Kevin Trenberth discussed the recent climatological record and emphasized that many of the data series collected for one set of purposes were measured without uniform techniques. Consequently, few, if any, of the data sets are suitable for detecting global warming or cooling signals. Atmospheric patterns, sea surface temperature anomalies, and land-based hydrology are connected, but the linkages are not readily discernable from existing records or helpful for forecasting. Given observations concerning the heterogeneity of records, renewed examination of existing spacetime series of data using some of the tools of modern spatial statistics might show some correlative links.

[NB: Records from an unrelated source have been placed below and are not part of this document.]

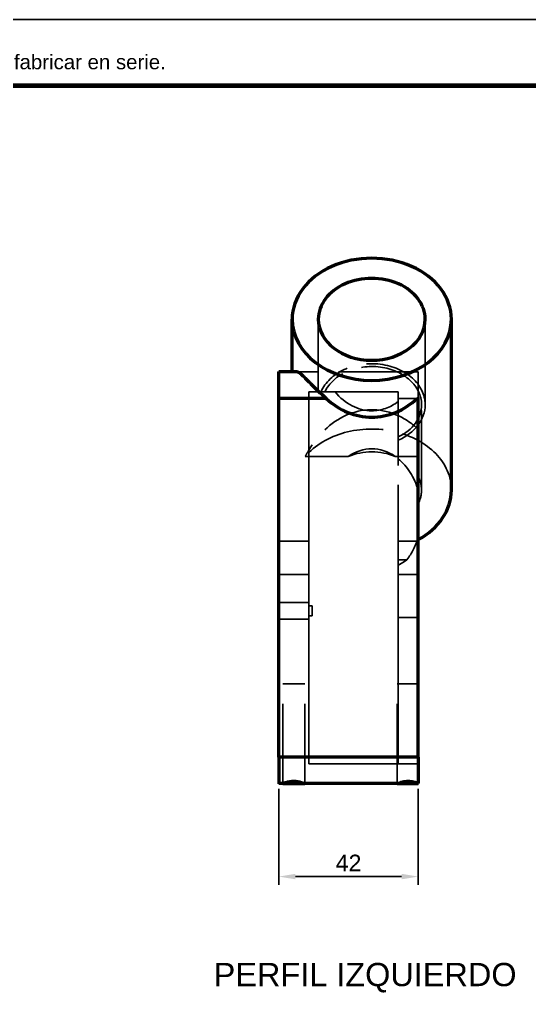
# Model space of a CAD drawing. Header units: millimetres. Extents: x 0 to 840, y 0 to 594.
# Drawn here: x 301.9 to 455.6, y 301 to 594 of the extents above; entities that cross this region are included whole.
import ezdxf
from ezdxf.enums import TextEntityAlignment as Align

# ---------------------------------------------------------------- set-up
doc = ezdxf.new("R2010")
doc.units = ezdxf.units.MM
doc.header["$LTSCALE"] = 2
doc.linetypes.add('ACAD_ISO02W100', pattern=[15, 12, -3])
for name, color, linetype, lineweight in [('COTAS', 4, 'Continuous', 18), ('MARCO', 7, 'Continuous', 70), ('OCULTAS', 8, 'ACAD_ISO02W100', 25), ('TEXTO', 7, 'Continuous', 25), ('VISIBLE', 7, 'Continuous', 50)]:
    doc.layers.add(name, color=color, linetype=linetype, lineweight=lineweight)
doc.styles.get("Standard").update_dxf_attribs({"font": 'arial.ttf'})
doc.dimstyles.new('ISO25', dxfattribs={"dimscale": 2, "dimtxt": 2.5, "dimasz": 2.5, "dimexe": 1.25, "dimexo": 0.8, "dimgap": 0.8, "dimtad": 1, "dimdec": 1, "dimtxsty": 'Standard', "dimcen": 2.5, "dimclrd": 4, "dimclre": 4, "dimclrt": 7, "dimazin": 3, "dimtfac": 1, "dimtmove": 0, "dimatfit": 3})

msp = doc.modelspace()

# ---------------------------------------------------------------- linework, layer by layer
at = {"layer": 'MARCO'}
msp.add_line((820, 574), (40, 574), dxfattribs=at)
at = {"layer": 'OCULTAS'}
for p, q in [((391.97, 481.9), (391.97, 503.71)), ((424.17, 478), (424.17, 503.71)), ((422.07, 487.9), (384.07, 487.9)), ((422.07, 470.6), (422.07, 487.9)), ((416.07, 481.9), (389.07, 481.9)), ((389.07, 417.4), (389.07, 481.9)), ((397.01, 481.9), (389.07, 481.9)), ((392.8, 481.9), (393.96, 481.9)), ((416.07, 461.72), (416.07, 481.9)), ((380.07, 371.9), (380.07, 479.9)), ((389.07, 479.9), (380.07, 479.9)), ((389.07, 464.29), (389.07, 479.9)), ((416.07, 474.69), (416.07, 479.9)), ((422.07, 479.9), (416.07, 479.9)), ((416.07, 369.9), (416.07, 478.94)), ((416.07, 467.3), (416.07, 478.94)), ((422.07, 437.35), (422.07, 480.12)), ((422.07, 470.6), (422.07, 479.9)), ((423.07, 452.29), (423.07, 478)), ((416.07, 462.42), (416.07, 474.69)), ((416.07, 429.71), (416.07, 468.28)), ((416.07, 467.3), (416.07, 468.28)), ((389.07, 462.42), (389.07, 464.29)), ((388.04, 462.42), (389.07, 462.42)), ((389.07, 462.42), (401, 462.42)), ((389.07, 462.42), (389.07, 371.9)), ((415.14, 462.42), (416.07, 462.42)), ((416.07, 462.42), (422.07, 462.42)), ((416.07, 461.72), (416.07, 462.42)), ((422.07, 456.41), (422.07, 462.42)), ((422.07, 452.18), (422.07, 462.42)), ((422.07, 452.18), (422.07, 456.41)), ((422.07, 438.12), (422.07, 448.16)), ((422.07, 437.35), (422.07, 448.16)), ((380.07, 436.9), (389.07, 436.9)), ((416.07, 436.9), (422.07, 436.9)), ((422.07, 413.9), (422.07, 438.12)), ((416.07, 431.31), (418.68, 431.31)), ((416.07, 413.9), (416.07, 431.31)), ((416.07, 429.71), (416.07, 431.31)), ((380.07, 426.9), (389.07, 426.9)), ((416.07, 426.9), (422.07, 426.9)), ((380.07, 418.4), (389.07, 418.4)), ((380.07, 418.4), (389.07, 418.4)), ((389.07, 417.4), (390.07, 417.4)), ((390.07, 417.4), (390.07, 414.4)), ((380.07, 413.4), (389.07, 413.4)), ((380.07, 413.4), (389.07, 413.4)), ((389.07, 414.4), (390.07, 414.4)), ((389.07, 369.9), (389.07, 414.4)), ((422.07, 413.9), (416.07, 413.9)), ((416.07, 413.9), (416.07, 369.9)), ((416.07, 413.9), (422.07, 413.9)), ((422.07, 413.9), (422.07, 369.9)), ((381.27, 363.9), (381.27, 393.9)), ((381.27, 363.9), (381.27, 393.9)), ((387.87, 363.9), (387.87, 393.9)), ((387.87, 363.9), (387.87, 393.9)), ((415.77, 363.9), (415.77, 393.9)), ((422.07, 364.02), (422.07, 393.9)), ((422.07, 364.02), (422.07, 393.9)), ((389.07, 371.9), (380.07, 371.9)), ((389.07, 369.9), (422.07, 369.9)), ((416.07, 369.9), (389.07, 369.9)), ((415.77, 363.9), (415.77, 369.9)), ((422.07, 369.9), (416.07, 369.9)), ((422.07, 363.9), (422.07, 369.9)), ((422.07, 364.02), (422.07, 369.9)), ((381.27, 363.9), (380.07, 363.9)), ((415.77, 363.9), (387.87, 363.9))]:
    msp.add_line(p, q, dxfattribs=at)
for centre, major_axis, start_param, end_param in [((408.07, 478), (16.1, 0), 0, 2.819442), ((408.07, 478), (15, 0), 0, 2.794862), ((408.07, 497.18), (0, 21.02), -3.898933, -3.141593), ((408.07, 445.15), (0, 31.33), -6.623022, -5.369653), ((408.07, 497.18), (0, 21.02), -3.141593, -2.621576), ((408.07, 478), (15, 0), 5.274925, 6.283185), ((408.07, 478), (16.1, 0), 5.232405, 6.283185), ((408.07, 445.15), (0, 31.33), -0.622827, -0.339837), ((408.07, 452.29), (24, 0), 0, 2.557758), ((408.07, 445.15), (0, 31.33), -5.369653, -5.296224), ((408.07, 445.15), (0, 19.58), -6.773968, -5.792403), ((408.07, 452.29), (15, 0), 1.080014, 2.061579), ((408.07, 445.15), (0, 19.58), -1.203588, -0.562536), ((408.07, 452.29), (15, 0), 0, 0.367208), ((408.07, 452.29), (15, 0), 5.915977, 6.283185), ((408.07, 445.15), (0, 19.58), -2.356101, -1.938004), ((408.07, 439.43), (15, 0), 5.274925, 5.497881)]:
    msp.add_ellipse(centre, major_axis=major_axis, ratio=0.766044, start_param=start_param, end_param=end_param, dxfattribs=at)
for points, degree in [([(380.07, 479.9), (380.07, 480.8), (380.07, 481.68), (380.07, 482.55), (380.07, 483.38), (380.07, 484.16), (380.07, 484.89), (380.07, 485.56), (380.07, 486.16), (380.07, 486.68), (380.07, 487.11), (380.07, 487.46), (380.07, 487.7), (380.07, 487.85), (380.07, 487.9)], 1), ([(384.07, 487.9), (384.08, 487.9), (384.1, 487.9), (384.14, 487.9), (384.19, 487.9), (384.26, 487.9), (384.35, 487.9), (384.45, 487.9), (384.57, 487.9), (384.7, 487.9), (384.85, 487.9), (385.01, 487.9), (385.18, 487.9), (385.38, 487.9), (385.58, 487.9)], 1), ([(422.07, 479.9), (422.07, 480.8), (422.07, 481.68), (422.07, 482.55), (422.07, 483.38), (422.07, 484.16), (422.07, 484.89), (422.07, 485.56), (422.07, 486.16), (422.07, 486.68), (422.07, 487.11), (422.07, 487.46), (422.07, 487.7), (422.07, 487.85), (422.07, 487.9)], 1), ([(389.07, 481.9), (389.07, 481.25), (389.07, 480.58), (389.07, 479.9)], 3), ([(392.8, 481.9), (392.68, 481.9), (392.58, 481.9), (392.48, 481.9), (392.39, 481.9), (392.31, 481.9), (392.24, 481.9), (392.18, 481.9), (392.12, 481.9), (392.08, 481.9), (392.04, 481.9), (392.01, 481.9), (391.99, 481.9), (391.97, 481.9), (391.97, 481.9)], 1), ([(391.97, 481.9), (392, 481.9), (392.08, 481.9), (392.21, 481.9), (392.4, 481.9), (392.64, 481.9), (392.94, 481.9), (393.28, 481.9), (393.68, 481.9), (394.12, 481.9), (394.61, 481.9), (395.15, 481.9), (395.73, 481.9), (396.35, 481.9), (397.01, 481.9)], 1), ([(416.07, 481.9), (414.39, 481.9), (412.61, 481.9), (410.75, 481.9), (408.85, 481.9), (406.94, 481.9), (405.04, 481.9), (403.2, 481.9), (401.43, 481.9), (399.77, 481.9), (398.25, 481.9), (396.89, 481.9), (395.71, 481.9), (394.72, 481.9), (393.96, 481.9)], 1), ([(416.07, 481.9), (416.07, 481.25), (416.07, 480.58), (416.07, 479.9)], 3), ([(380.07, 431.9), (380.07, 432.46), (380.07, 433.02), (380.07, 433.56), (380.07, 434.07), (380.07, 434.56), (380.07, 435.02), (380.07, 435.44), (380.07, 435.81), (380.07, 436.14), (380.07, 436.41), (380.07, 436.62), (380.07, 436.78), (380.07, 436.87), (380.07, 436.9)], 1), ([(380.07, 436.9), (380.07, 436.78), (380.07, 436.41), (380.07, 435.81), (380.07, 435.02), (380.07, 434.07), (380.07, 433.02), (380.07, 431.9), (380.07, 430.79), (380.07, 429.73), (380.07, 428.79), (380.07, 427.99), (380.07, 427.4), (380.07, 427.03), (380.07, 426.9)], 1), ([(389.07, 431.9), (389.07, 432.46), (389.07, 433.02), (389.07, 433.56), (389.07, 434.07), (389.07, 434.56), (389.07, 435.02), (389.07, 435.44), (389.07, 435.81), (389.07, 436.14), (389.07, 436.41), (389.07, 436.62), (389.07, 436.78), (389.07, 436.87), (389.07, 436.9)], 1), ([(389.07, 436.9), (389.07, 436.78), (389.07, 436.41), (389.07, 435.81), (389.07, 435.02), (389.07, 434.07), (389.07, 433.02), (389.07, 431.9), (389.07, 430.79), (389.07, 429.73), (389.07, 428.79), (389.07, 427.99), (389.07, 427.4), (389.07, 427.03), (389.07, 426.9)], 1), ([(416.07, 431.9), (416.07, 432.46), (416.07, 433.02), (416.07, 433.56), (416.07, 434.07), (416.07, 434.56), (416.07, 435.02), (416.07, 435.44), (416.07, 435.81), (416.07, 436.14), (416.07, 436.41), (416.07, 436.62), (416.07, 436.78), (416.07, 436.87), (416.07, 436.9)], 1), ([(416.07, 436.9), (416.07, 436.78), (416.07, 436.41), (416.07, 435.81), (416.07, 435.02), (416.07, 434.07), (416.07, 433.02), (416.07, 431.9), (416.07, 430.79), (416.07, 429.73), (416.07, 428.79), (416.07, 427.99), (416.07, 427.4), (416.07, 427.03), (416.07, 426.9)], 1), ([(422.07, 431.9), (422.07, 432.46), (422.07, 433.02), (422.07, 433.56), (422.07, 434.07), (422.07, 434.56), (422.07, 435.02), (422.07, 435.44), (422.07, 435.81), (422.07, 436.14), (422.07, 436.41), (422.07, 436.62), (422.07, 436.78), (422.07, 436.87), (422.07, 436.9)], 1), ([(422.07, 436.9), (422.07, 436.78), (422.07, 436.41), (422.07, 435.81), (422.07, 435.02), (422.07, 434.07), (422.07, 433.02), (422.07, 431.9), (422.07, 430.79), (422.07, 429.73), (422.07, 428.79), (422.07, 427.99), (422.07, 427.4), (422.07, 427.03), (422.07, 426.9)], 1), ([(380.07, 418.4), (380.07, 418.34), (380.07, 418.16), (380.07, 417.86), (380.07, 417.46), (380.07, 416.99), (380.07, 416.46), (380.07, 415.9), (380.07, 415.35), (380.07, 414.82), (380.07, 414.35), (380.07, 413.95), (380.07, 413.65), (380.07, 413.47), (380.07, 413.4)], 1), ([(380.07, 418.4), (380.07, 418.34), (380.07, 418.16), (380.07, 417.86), (380.07, 417.46), (380.07, 416.99), (380.07, 416.46), (380.07, 415.9), (380.07, 415.35), (380.07, 414.82), (380.07, 414.35), (380.07, 413.95), (380.07, 413.65), (380.07, 413.47), (380.07, 413.4)], 1), ([(389.07, 418.4), (389.07, 418.34), (389.07, 418.16), (389.07, 417.86), (389.07, 417.46), (389.07, 416.99), (389.07, 416.46), (389.07, 415.9), (389.07, 415.35), (389.07, 414.82), (389.07, 414.35), (389.07, 413.95), (389.07, 413.65), (389.07, 413.47), (389.07, 413.4)], 1), ([(384.57, 393.9), (384.2, 393.9), (383.83, 393.9), (383.48, 393.9), (383.14, 393.9), (382.81, 393.9), (382.51, 393.9), (382.24, 393.9), (381.99, 393.9), (381.77, 393.9), (381.6, 393.9), (381.45, 393.9), (381.35, 393.9), (381.29, 393.9), (381.27, 393.9)], 1), ([(381.27, 393.9), (381.35, 393.9), (381.6, 393.9), (381.99, 393.9), (382.51, 393.9), (383.14, 393.9), (383.83, 393.9), (384.57, 393.9), (385.3, 393.9), (386, 393.9), (386.63, 393.9), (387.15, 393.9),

Malcolm Hughes, David Meko, and Charles Stockton focused on paleo climate information, which scientists use to infer climate states prior to relatively recent direct measurement of climatic variables. The various paleo records indicate that the assumption of weak statistical stationarity (e.g., the average and variance do not change with time) may not be tenable except for relatively short periods. Information may be contained in the various paleo records, but those data may need to be analyzed differently using newer and evolving spatial-temporal statistical tools to reveal any
possible significant signals. This is an area where additional research is needed.
Implications of Climate Variability for Management
Stephen Burges and Bruce Kimball chaired the second session, which covered the specific topics of plant-water-atmospheric trace gas relationships, water sources, water resource management, economics, and water law.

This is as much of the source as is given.